The sweetheart theory cannot be invoked for purposes of sexual intercourse and lascivious conduct in child abuse
cases under RA 7610. Consent is immaterial because the mere act of having sexual intercourse or committing lascivious
conduct with a child who is subjected to sexual abuse constitutes the offense. Moreover, a child is presumed by law to be
incapable of giving rational consent to any lascivious act or sexual intercourse.

Facts:
Sometime during the month of November 1997 to 1998, Malto seduced his student, AAA, a minor, to indulge in sexual
intercourse several times with him. Prior to the incident, petitioner and AAA had a mutual understanding and became
sweethearts. Pressured and afraid of the petitioners threat to end their relationship, AAA succumbed and both had
sexual intercourse.

Upon discovery of what AAA underwent, BBB, AAAs mother lodged a complaint in the Office of the City Prosecutor of
Pasay City which led to the filing of Criminal Case No. 00-0691.
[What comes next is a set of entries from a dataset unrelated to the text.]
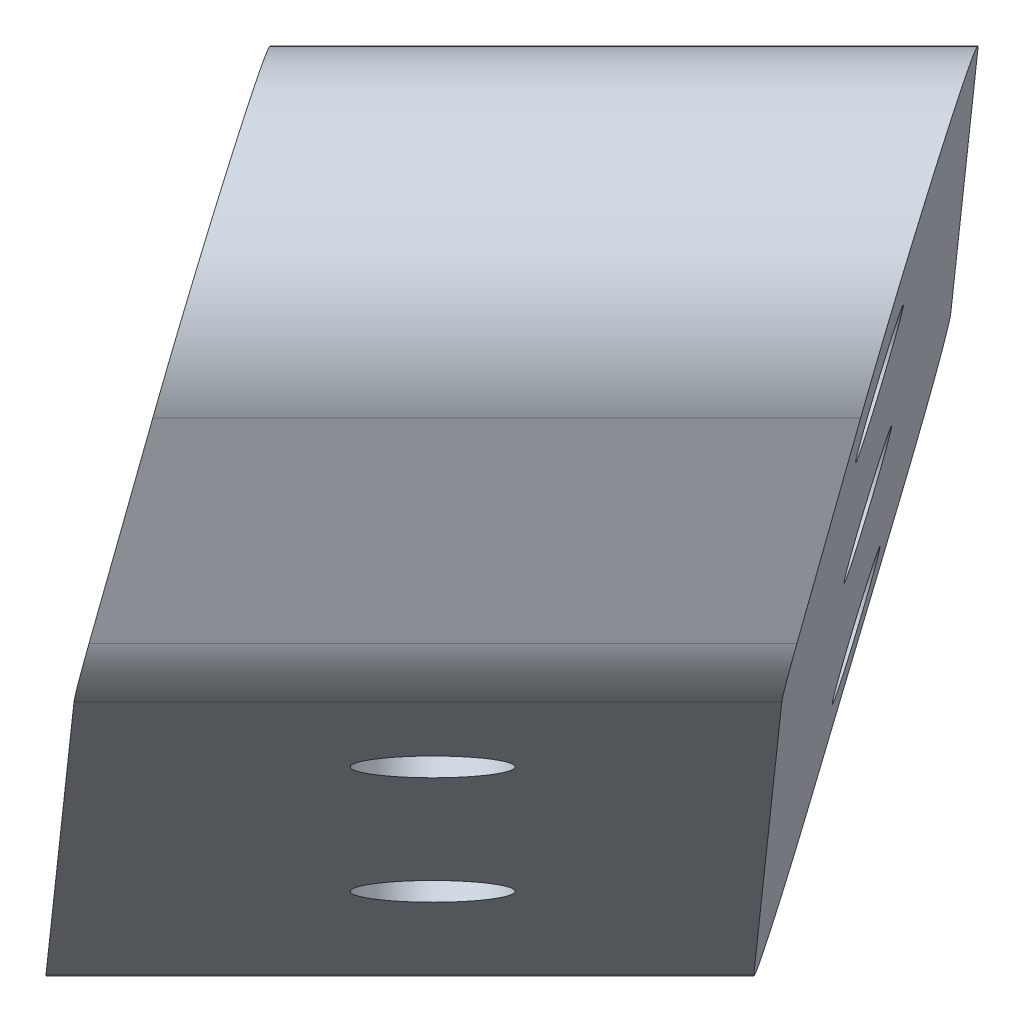
ISO-10303-21;
HEADER;
FILE_DESCRIPTION(('STEP AP214'),'2;1');
FILE_NAME('part.step','',(''),(''),'','','');
FILE_SCHEMA(('AUTOMOTIVE_DESIGN { 1 0 10303 214 1 1 1 1 }'));
ENDSEC;
DATA;
#1=APPLICATION_CONTEXT('core data for automotive mechanical design processes');
#2=APPLICATION_PROTOCOL_DEFINITION('international standard','automotive_design',2000,#1);
#3=PRODUCT_CONTEXT('',#1,'mechanical');
#4=PRODUCT('Part','Part','',(#3));
#5=PRODUCT_RELATED_PRODUCT_CATEGORY('part','',(#4));
#6=PRODUCT_DEFINITION_FORMATION('','',#4);
#7=PRODUCT_DEFINITION_CONTEXT('part definition',#1,'design');
#8=PRODUCT_DEFINITION('design','',#6,#7);
#9=PRODUCT_DEFINITION_SHAPE('','',#8);
#10=(LENGTH_UNIT() NAMED_UNIT(*) SI_UNIT(.MILLI.,.METRE.));
#11=(NAMED_UNIT(*) PLANE_ANGLE_UNIT() SI_UNIT($,.RADIAN.));
#12=(NAMED_UNIT(*) SI_UNIT($,.STERADIAN.) SOLID_ANGLE_UNIT());
#13=UNCERTAINTY_MEASURE_WITH_UNIT(LENGTH_MEASURE(1.E-05),#10,'distance_accuracy_value','');
#14=(GEOMETRIC_REPRESENTATION_CONTEXT(3) GLOBAL_UNCERTAINTY_ASSIGNED_CONTEXT((#13)) GLOBAL_UNIT_ASSIGNED_CONTEXT((#10,
#11,#12)) REPRESENTATION_CONTEXT('',''));
#15=CARTESIAN_POINT('',(0.,0.,0.));
#16=DIRECTION('',(0.,0.,1.));
#17=DIRECTION('',(1.,0.,0.));
#18=AXIS2_PLACEMENT_3D('',#15,#16,#17);
#19=CARTESIAN_POINT('',(211.29514255772,-94.0152812120288,94.4577052873248));
#20=DIRECTION('',(-0.635670633382854,-0.438001931170719,-0.635670633382856));
#21=DIRECTION('',(-0.707106781186548,0.,0.707106781186547));
#22=AXIS2_PLACEMENT_3D('',#19,#20,#21);
#23=PLANE('',#22);
#24=DIRECTION('',(-0.0983208560786328,0.86268066578759,-0.496099867099605));
#25=VECTOR('',#24,1.);
#26=CARTESIAN_POINT('',(202.848930690601,-112.979375377934,115.970919830593));
#27=LINE('',#26,#25);
#28=CARTESIAN_POINT('',(202.32292624561,-108.36414029038,113.316846771614));
#29=VERTEX_POINT('',#28);
#30=CARTESIAN_POINT('',(201.656406577888,-102.516005381434,109.953772732554));
#31=VERTEX_POINT('',#30);
#32=EDGE_CURVE('E115',#29,#31,#27,.T.);
#33=ORIENTED_EDGE('',*,*,#32,.T.);
#34=DIRECTION('',(0.707106781186548,0.,-0.707106781186547));
#35=VECTOR('',#34,1.);
#36=CARTESIAN_POINT('',(214.223808290423,-102.516005381431,97.3863710200276));
#37=LINE('',#36,#35);
#38=CARTESIAN_POINT('',(212.263981330594,-102.516005381431,99.3461979798563));
#39=VERTEX_POINT('',#38);
#40=EDGE_CURVE('E165',#31,#39,#37,.T.);
#41=ORIENTED_EDGE('',*,*,#40,.T.);
#42=DIRECTION('',(0.0983208560786335,-0.86268066578759,0.496099867099605));
#43=VECTOR('',#42,1.);
#44=CARTESIAN_POINT('',(211.29514255772,-94.0152812120288,94.4577052873248));
#45=LINE('',#44,#43);
#46=CARTESIAN_POINT('',(212.930500998316,-108.364140290378,102.709272018916));
#47=VERTEX_POINT('',#46);
#48=EDGE_CURVE('E196',#39,#47,#45,.T.);
#49=ORIENTED_EDGE('',*,*,#48,.T.);
#50=DIRECTION('',(-0.707106781186548,0.,0.707106781186547));
#51=VECTOR('',#50,1.);
#52=CARTESIAN_POINT('',(216.238605143813,-108.364140290378,99.4011678734184));
#53=LINE('',#52,#51);
#54=EDGE_CURVE('E159',#47,#29,#53,.T.);
#55=ORIENTED_EDGE('',*,*,#54,.T.);
#56=EDGE_LOOP('',(#33,#41,#49,#55));
#57=FACE_BOUND('',#56,.T.);
#58=ADVANCED_FACE('F41',(#57),#23,.T.);
#59=CARTESIAN_POINT('',(239.309137763312,-78.5635642195269,129.822442501016));
#60=DIRECTION('',(0.707106781186547,0.,0.707106781186548));
#61=DIRECTION('',(0.707106781186548,0.,-0.707106781186547));
#62=AXIS2_PLACEMENT_3D('',#59,#60,#61);
#63=PLANE('',#62);
#64=DIRECTION('',(0.158999682000955,0.97439119569462,-0.158999682000952));
#65=VECTOR('',#64,1.);
#66=CARTESIAN_POINT('',(239.309137763312,-78.5635642195269,129.822442501016));
#67=LINE('',#66,#65);
#68=CARTESIAN_POINT('',(239.522788555568,-77.2542568781109,129.608791708761));
#69=VERTEX_POINT('',#68);
#70=CARTESIAN_POINT('',(240.476466797243,-71.4098698295326,128.655113467085));
#71=VERTEX_POINT('',#70);
#72=EDGE_CURVE('E139',#69,#71,#67,.T.);
#73=ORIENTED_EDGE('',*,*,#72,.T.);
#74=DIRECTION('',(-0.707106781186548,0.,0.707106781186547));
#75=VECTOR('',#74,1.);
#76=CARTESIAN_POINT('',(239.309137763312,-71.4098698295326,129.822442501016));
#77=LINE('',#76,#75);
#78=CARTESIAN_POINT('',(229.868892044541,-71.4098698295326,139.262688219788));
#79=VERTEX_POINT('',#78);
#80=EDGE_CURVE('E11',#71,#79,#77,.T.);
#81=ORIENTED_EDGE('',*,*,#80,.T.);
#82=DIRECTION('',(-0.158999682000957,-0.97439119569462,0.158999682000954));
#83=VECTOR('',#82,1.);
#84=CARTESIAN_POINT('',(229.237901059904,-75.2767458651046,139.893679204425));
#85=LINE('',#84,#83);
#86=CARTESIAN_POINT('',(228.915213802865,-77.254256878111,140.216366461464));
#87=VERTEX_POINT('',#86);
#88=EDGE_CURVE('E217',#79,#87,#85,.T.);
#89=ORIENTED_EDGE('',*,*,#88,.T.);
#90=DIRECTION('',(-0.707106781186548,0.,0.707106781186547));
#91=VECTOR('',#90,1.);
#92=CARTESIAN_POINT('',(239.309137763312,-77.2542568781109,129.822442501016));
#93=LINE('',#92,#91);
#94=EDGE_CURVE('E151',#87,#69,#93,.F.);
#95=ORIENTED_EDGE('',*,*,#94,.T.);
#96=EDGE_LOOP('',(#73,#81,#89,#95));
#97=FACE_BOUND('',#96,.T.);
#98=ADVANCED_FACE('F249',(#97),#63,.T.);
#99=CARTESIAN_POINT('',(113.5360697668,-30.9927506207114,-76.39552603978));
#100=DIRECTION('',(-0.809172566386445,0.220885605875265,0.544471585048009));
#101=DIRECTION('',(0.558260781142676,0.,0.829665535163399));
#102=AXIS2_PLACEMENT_3D('',#99,#100,#101);
#103=PLANE('',#102);
#104=CARTESIAN_POINT('',(215.344864779369,-101.859589814984,103.65858760929));
#105=DIRECTION('',(0.809172566386445,-0.220885605875266,-0.544471585048008));
#106=DIRECTION('',(-0.558260781142675,0.,-0.8296655351634));
#107=AXIS2_PLACEMENT_3D('',#104,#105,#106);
#108=CIRCLE('',#107,1.75000000000021);
#109=CARTESIAN_POINT('',(214.367908412369,-101.859589814984,102.206672922754));
#110=VERTEX_POINT('',#109);
#111=EDGE_CURVE('E228',#110,#110,#108,.T.);
#112=ORIENTED_EDGE('',*,*,#111,.F.);
#113=EDGE_LOOP('',(#112));
#114=FACE_BOUND('',#113,.T.);
#115=CARTESIAN_POINT('',(225.92476635843,-88.3157293857225,113.887445182356));
#116=DIRECTION('',(0.809172566386445,-0.220885605875266,-0.544471585048008));
#117=DIRECTION('',(-0.558260781142675,0.,-0.8296655351634));
#118=AXIS2_PLACEMENT_3D('',#115,#116,#117);
#119=CIRCLE('',#118,1.75000000000026);
#120=CARTESIAN_POINT('',(224.94780999143,-88.3157293857225,112.43553049582));
#121=VERTEX_POINT('',#120);
#122=EDGE_CURVE('E220',#121,#121,#119,.T.);
#123=ORIENTED_EDGE('',*,*,#122,.F.);
#124=EDGE_LOOP('',(#123));
#125=FACE_BOUND('',#124,.T.);
#126=CARTESIAN_POINT('',(236.504667937491,-74.7718689564612,124.116302755422));
#127=DIRECTION('',(0.809172566386445,-0.220885605875266,-0.544471585048008));
#128=DIRECTION('',(-0.558260781142675,0.,-0.8296655351634));
#129=AXIS2_PLACEMENT_3D('',#126,#127,#128);
#130=CIRCLE('',#129,1.7500000000002);
#131=CARTESIAN_POINT('',(235.527711570492,-74.7718689564612,122.664388068886));
#132=VERTEX_POINT('',#131);
#133=EDGE_CURVE('E224',#132,#132,#130,.T.);
#134=ORIENTED_EDGE('',*,*,#133,.F.);
#135=EDGE_LOOP('',(#134));
#136=FACE_BOUND('',#135,.T.);
#137=ORIENTED_EDGE('',*,*,#48,.F.);
#138=CARTESIAN_POINT('',(215.178179703032,-100.325995725577,102.788705941247));
#139=DIRECTION('',(-0.809172566386445,0.220885605875265,0.544471585048009));
#140=DIRECTION('',(-0.232829945707229,0.73025303662238,-0.642277758361414));
#141=AXIS2_PLACEMENT_3D('',#138,#139,#140);
#142=ELLIPSE('',#141,5.22372722873458,5.);
#143=CARTESIAN_POINT('',(213.842365611367,-96.6599351696128,99.3161939208435));
#144=VERTEX_POINT('',#143);
#145=EDGE_CURVE('E172',#39,#144,#142,.F.);
#146=ORIENTED_EDGE('',*,*,#145,.T.);
#147=DIRECTION('',(-0.527989065999957,-0.679937623467728,-0.508834329008521));
#148=VECTOR('',#147,1.);
#149=CARTESIAN_POINT('',(162.247700073995,-163.102891147598,49.5933138278502));
#150=LINE('',#149,#148);
#151=CARTESIAN_POINT('',(236.296481661491,-67.7438092735679,120.955704678904));
#152=VERTEX_POINT('',#151);
#153=EDGE_CURVE('E194',#152,#144,#150,.T.);
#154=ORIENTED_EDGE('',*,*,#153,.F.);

The petitioner did not make a plea when arraigned. Hence, the trial court entered for him a plea of not guilty. The trial
court found the evidence for the prosecution sufficient to sustain petitioners conviction. The trail court rendered a
decision finding petitioner guilty and sentenced him to reclusion temporal and to pay an indemnity of Php. 75,000 and
damages of Php. 50,000.

Petitioner questioned the trial courts decision in the CA. The CA modified the decision of the trial court. The appellate
court affirmed his conviction and ruled that the trial court erred in awarding Php. 75,000 civil indemnity in favor of AAA
as it was proper only in a conviction for rape committed under the circumstances under which the death penalty was
authorized by law.

Issue:
Whether the CA erred in sustaining petitioners conviction on the grounds that there was no rape committed since their
sexual intercourse was consensual by reason of their sweetheart relationship

Held:
No. The sweetheart theory cannot be invoked for purposes of sexual intercourse and lascivious conduct in child abuse
cases under RA 7610. Consent is immaterial because the mere act of having sexual intercourse or committing lascivious
conduct with a child who is subjected to sexual abuse constitutes the offense. Moreover, a child is presumed by law to be
incapable of giving rational consent to any lascivious act or sexual intercourse.